◆ Problem to solve: Every line in the records below with the string "mechanical" needs to be copied out.

◆ Data entries:
((
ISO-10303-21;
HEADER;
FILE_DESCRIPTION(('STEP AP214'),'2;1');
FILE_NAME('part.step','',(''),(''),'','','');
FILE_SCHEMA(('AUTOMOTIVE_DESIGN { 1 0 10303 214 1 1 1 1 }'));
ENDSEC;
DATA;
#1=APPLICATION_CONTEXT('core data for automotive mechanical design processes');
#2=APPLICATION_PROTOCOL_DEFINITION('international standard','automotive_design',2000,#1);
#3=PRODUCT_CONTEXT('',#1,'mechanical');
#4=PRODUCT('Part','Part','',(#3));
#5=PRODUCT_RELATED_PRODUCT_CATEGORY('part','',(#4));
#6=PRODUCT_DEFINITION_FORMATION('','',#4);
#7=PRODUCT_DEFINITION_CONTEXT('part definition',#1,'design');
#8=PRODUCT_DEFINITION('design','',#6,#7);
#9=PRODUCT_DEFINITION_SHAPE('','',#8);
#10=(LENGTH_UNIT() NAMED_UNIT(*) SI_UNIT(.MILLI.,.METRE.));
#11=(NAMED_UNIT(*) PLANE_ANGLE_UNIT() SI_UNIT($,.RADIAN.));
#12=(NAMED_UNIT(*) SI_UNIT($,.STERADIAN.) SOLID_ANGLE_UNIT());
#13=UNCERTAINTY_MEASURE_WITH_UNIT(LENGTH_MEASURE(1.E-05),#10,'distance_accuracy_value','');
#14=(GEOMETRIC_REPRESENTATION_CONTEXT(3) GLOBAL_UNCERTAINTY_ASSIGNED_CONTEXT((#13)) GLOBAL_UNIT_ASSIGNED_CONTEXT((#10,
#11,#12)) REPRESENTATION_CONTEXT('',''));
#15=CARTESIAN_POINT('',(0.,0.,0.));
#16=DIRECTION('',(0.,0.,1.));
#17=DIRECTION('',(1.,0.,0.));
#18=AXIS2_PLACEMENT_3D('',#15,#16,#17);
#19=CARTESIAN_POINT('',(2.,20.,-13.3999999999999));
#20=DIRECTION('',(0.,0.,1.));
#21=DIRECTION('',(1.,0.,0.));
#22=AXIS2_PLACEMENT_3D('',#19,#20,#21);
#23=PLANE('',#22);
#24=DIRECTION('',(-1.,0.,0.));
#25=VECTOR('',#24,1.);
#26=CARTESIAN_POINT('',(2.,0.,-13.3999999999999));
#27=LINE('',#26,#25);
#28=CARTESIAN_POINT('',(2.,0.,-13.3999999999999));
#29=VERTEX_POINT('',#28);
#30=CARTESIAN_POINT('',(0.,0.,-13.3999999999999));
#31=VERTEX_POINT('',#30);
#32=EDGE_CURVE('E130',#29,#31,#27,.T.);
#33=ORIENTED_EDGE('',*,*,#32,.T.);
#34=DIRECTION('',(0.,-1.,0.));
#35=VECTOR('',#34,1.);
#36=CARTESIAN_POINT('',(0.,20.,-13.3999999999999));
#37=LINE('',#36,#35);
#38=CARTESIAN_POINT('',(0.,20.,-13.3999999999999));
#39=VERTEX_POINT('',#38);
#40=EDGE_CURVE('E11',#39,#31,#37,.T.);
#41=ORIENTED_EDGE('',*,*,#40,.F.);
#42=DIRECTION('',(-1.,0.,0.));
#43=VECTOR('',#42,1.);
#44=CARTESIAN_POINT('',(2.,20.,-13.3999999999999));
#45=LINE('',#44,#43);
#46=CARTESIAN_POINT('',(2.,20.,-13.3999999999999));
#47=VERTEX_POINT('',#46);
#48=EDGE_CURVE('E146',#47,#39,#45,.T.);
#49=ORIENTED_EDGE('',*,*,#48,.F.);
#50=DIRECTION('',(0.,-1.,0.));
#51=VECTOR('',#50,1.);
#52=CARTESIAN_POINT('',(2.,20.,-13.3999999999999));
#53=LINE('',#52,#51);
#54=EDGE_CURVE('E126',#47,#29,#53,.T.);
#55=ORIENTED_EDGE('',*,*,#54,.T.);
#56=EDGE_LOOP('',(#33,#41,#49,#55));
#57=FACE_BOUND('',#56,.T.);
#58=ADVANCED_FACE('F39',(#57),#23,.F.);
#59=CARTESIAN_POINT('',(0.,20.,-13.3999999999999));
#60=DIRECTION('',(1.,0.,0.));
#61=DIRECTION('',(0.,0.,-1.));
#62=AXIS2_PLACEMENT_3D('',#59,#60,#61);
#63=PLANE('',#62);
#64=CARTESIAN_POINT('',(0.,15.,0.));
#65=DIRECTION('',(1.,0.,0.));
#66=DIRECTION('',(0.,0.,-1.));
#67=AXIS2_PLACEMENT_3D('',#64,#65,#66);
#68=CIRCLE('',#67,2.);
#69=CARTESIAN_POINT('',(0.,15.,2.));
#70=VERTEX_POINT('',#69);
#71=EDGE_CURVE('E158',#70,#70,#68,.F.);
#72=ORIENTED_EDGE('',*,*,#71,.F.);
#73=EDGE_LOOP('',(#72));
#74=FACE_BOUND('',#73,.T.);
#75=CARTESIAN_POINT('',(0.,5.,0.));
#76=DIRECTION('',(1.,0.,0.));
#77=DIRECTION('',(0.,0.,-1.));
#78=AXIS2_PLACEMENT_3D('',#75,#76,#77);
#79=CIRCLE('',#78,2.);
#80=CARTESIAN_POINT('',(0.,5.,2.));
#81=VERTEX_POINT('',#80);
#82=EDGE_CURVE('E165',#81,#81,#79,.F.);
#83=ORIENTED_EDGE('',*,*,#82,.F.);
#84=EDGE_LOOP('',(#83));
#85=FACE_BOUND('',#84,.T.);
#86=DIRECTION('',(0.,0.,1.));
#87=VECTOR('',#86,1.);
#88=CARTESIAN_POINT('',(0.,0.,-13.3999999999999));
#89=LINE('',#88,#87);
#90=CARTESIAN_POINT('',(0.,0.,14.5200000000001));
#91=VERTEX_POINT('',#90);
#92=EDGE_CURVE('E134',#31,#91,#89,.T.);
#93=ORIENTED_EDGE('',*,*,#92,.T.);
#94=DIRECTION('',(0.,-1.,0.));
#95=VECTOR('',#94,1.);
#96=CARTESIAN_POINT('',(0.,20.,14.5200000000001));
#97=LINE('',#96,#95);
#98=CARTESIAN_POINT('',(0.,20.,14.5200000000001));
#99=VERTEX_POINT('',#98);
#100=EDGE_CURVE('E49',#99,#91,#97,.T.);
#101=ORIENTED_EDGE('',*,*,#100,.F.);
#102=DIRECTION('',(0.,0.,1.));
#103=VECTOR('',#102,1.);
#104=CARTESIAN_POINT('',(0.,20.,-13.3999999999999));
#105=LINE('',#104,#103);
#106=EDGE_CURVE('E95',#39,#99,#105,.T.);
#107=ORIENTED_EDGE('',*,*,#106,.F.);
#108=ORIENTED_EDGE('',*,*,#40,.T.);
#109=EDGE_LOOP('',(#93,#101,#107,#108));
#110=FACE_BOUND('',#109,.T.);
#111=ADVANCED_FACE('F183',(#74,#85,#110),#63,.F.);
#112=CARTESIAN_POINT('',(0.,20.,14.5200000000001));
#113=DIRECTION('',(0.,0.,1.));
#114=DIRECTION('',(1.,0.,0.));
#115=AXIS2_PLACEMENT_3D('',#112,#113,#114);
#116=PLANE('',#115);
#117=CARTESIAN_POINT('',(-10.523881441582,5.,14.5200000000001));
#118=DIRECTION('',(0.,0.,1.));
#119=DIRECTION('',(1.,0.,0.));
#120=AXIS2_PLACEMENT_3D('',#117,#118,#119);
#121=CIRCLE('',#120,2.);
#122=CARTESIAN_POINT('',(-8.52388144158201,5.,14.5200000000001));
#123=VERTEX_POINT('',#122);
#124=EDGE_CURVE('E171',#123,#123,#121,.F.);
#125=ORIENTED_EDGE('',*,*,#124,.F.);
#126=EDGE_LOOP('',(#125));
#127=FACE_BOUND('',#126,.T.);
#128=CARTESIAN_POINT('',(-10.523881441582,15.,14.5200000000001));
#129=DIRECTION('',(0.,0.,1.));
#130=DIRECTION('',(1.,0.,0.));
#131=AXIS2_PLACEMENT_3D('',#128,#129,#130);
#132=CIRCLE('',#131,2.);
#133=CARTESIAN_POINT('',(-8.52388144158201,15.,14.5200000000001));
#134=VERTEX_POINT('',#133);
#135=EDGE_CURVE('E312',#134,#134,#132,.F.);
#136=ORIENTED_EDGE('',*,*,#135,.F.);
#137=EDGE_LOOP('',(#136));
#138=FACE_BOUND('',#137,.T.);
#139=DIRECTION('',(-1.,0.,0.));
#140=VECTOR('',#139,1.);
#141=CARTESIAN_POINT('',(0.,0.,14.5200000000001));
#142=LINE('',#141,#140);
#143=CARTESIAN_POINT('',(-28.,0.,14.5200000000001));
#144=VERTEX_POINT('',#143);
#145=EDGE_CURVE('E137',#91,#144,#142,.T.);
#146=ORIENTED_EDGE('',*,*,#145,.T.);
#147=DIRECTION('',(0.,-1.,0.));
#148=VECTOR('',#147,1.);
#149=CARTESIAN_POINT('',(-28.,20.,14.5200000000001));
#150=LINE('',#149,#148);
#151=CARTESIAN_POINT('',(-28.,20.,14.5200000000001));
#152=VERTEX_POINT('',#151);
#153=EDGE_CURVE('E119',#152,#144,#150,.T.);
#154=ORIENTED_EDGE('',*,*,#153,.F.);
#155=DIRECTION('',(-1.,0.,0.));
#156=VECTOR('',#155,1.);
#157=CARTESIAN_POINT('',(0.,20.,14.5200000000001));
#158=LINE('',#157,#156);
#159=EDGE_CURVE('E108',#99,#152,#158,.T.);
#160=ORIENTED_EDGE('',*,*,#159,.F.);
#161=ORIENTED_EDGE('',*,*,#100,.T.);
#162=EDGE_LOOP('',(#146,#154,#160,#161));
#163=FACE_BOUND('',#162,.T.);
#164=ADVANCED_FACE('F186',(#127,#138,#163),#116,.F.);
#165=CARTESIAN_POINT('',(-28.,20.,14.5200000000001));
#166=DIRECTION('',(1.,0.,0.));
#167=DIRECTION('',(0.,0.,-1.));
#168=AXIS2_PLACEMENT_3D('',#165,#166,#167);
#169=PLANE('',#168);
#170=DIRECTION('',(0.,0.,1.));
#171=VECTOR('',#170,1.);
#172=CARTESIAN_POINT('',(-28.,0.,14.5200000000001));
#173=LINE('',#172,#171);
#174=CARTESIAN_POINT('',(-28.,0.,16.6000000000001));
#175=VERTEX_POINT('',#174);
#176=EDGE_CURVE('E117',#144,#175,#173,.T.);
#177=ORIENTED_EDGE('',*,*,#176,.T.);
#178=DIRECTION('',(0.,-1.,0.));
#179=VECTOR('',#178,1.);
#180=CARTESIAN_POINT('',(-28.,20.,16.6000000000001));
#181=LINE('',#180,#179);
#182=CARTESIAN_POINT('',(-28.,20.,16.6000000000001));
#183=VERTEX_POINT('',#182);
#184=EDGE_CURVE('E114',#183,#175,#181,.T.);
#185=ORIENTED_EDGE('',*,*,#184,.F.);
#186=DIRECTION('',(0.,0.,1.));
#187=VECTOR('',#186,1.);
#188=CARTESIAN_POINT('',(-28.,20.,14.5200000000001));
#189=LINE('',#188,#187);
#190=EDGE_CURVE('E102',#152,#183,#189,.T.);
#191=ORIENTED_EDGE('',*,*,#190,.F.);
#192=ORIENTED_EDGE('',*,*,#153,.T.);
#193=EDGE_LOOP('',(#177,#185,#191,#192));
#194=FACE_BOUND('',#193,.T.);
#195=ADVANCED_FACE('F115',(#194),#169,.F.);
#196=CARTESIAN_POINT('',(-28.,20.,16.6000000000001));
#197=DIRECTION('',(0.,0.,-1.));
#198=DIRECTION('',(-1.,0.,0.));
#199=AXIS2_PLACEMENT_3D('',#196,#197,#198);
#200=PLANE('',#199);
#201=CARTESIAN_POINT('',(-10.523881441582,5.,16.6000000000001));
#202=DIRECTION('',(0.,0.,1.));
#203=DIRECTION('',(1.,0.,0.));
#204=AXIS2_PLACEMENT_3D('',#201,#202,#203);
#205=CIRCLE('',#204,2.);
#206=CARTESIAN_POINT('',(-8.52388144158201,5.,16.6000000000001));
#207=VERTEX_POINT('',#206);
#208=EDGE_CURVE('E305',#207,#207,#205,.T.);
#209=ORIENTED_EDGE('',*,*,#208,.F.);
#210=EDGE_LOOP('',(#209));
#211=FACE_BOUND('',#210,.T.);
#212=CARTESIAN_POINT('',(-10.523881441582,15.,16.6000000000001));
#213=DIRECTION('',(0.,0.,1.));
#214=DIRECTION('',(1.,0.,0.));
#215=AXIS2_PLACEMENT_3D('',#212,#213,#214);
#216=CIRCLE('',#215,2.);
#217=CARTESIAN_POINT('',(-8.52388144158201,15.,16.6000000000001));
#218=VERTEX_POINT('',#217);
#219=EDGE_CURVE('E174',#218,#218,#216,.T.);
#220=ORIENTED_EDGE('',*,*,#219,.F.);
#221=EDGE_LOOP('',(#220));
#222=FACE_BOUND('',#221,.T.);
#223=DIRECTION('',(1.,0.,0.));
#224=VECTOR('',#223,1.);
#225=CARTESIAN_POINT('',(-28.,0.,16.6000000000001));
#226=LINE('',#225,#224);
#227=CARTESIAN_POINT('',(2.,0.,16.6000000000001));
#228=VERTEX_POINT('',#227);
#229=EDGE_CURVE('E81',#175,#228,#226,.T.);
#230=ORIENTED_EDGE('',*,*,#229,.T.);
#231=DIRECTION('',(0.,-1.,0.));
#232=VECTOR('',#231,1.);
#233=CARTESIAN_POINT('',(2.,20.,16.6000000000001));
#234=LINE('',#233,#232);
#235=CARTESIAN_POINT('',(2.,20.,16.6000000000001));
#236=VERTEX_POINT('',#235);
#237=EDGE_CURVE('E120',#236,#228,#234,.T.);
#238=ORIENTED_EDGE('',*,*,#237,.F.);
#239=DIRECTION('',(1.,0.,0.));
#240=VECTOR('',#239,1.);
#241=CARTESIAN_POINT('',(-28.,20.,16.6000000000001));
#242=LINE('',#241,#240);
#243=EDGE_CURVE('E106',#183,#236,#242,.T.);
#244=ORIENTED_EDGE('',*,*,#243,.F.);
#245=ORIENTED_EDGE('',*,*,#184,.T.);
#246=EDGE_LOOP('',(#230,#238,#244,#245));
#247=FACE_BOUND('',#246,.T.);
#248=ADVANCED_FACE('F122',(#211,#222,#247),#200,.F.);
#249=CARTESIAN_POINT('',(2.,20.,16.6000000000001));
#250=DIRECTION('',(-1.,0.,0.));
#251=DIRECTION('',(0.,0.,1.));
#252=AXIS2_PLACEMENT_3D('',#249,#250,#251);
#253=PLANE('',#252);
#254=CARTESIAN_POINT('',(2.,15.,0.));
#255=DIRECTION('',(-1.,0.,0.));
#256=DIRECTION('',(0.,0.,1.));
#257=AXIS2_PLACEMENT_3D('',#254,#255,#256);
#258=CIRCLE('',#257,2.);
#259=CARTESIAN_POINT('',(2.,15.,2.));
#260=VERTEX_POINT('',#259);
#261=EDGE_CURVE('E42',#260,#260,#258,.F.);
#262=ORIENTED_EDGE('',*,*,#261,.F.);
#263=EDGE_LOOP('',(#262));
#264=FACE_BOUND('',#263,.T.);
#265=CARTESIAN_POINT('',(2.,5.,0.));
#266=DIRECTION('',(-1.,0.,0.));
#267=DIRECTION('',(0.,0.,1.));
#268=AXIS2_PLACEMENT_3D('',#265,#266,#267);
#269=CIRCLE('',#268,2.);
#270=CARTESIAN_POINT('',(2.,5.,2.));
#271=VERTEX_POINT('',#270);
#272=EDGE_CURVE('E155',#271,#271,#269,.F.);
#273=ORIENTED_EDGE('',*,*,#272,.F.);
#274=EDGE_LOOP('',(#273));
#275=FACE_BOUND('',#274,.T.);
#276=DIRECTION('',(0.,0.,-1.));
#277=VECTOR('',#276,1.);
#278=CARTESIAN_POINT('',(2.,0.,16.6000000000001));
))
◆ Exercise output:
#1=APPLICATION_CONTEXT('core data for automotive mechanical design processes');
#3=PRODUCT_CONTEXT('',#1,'mechanical');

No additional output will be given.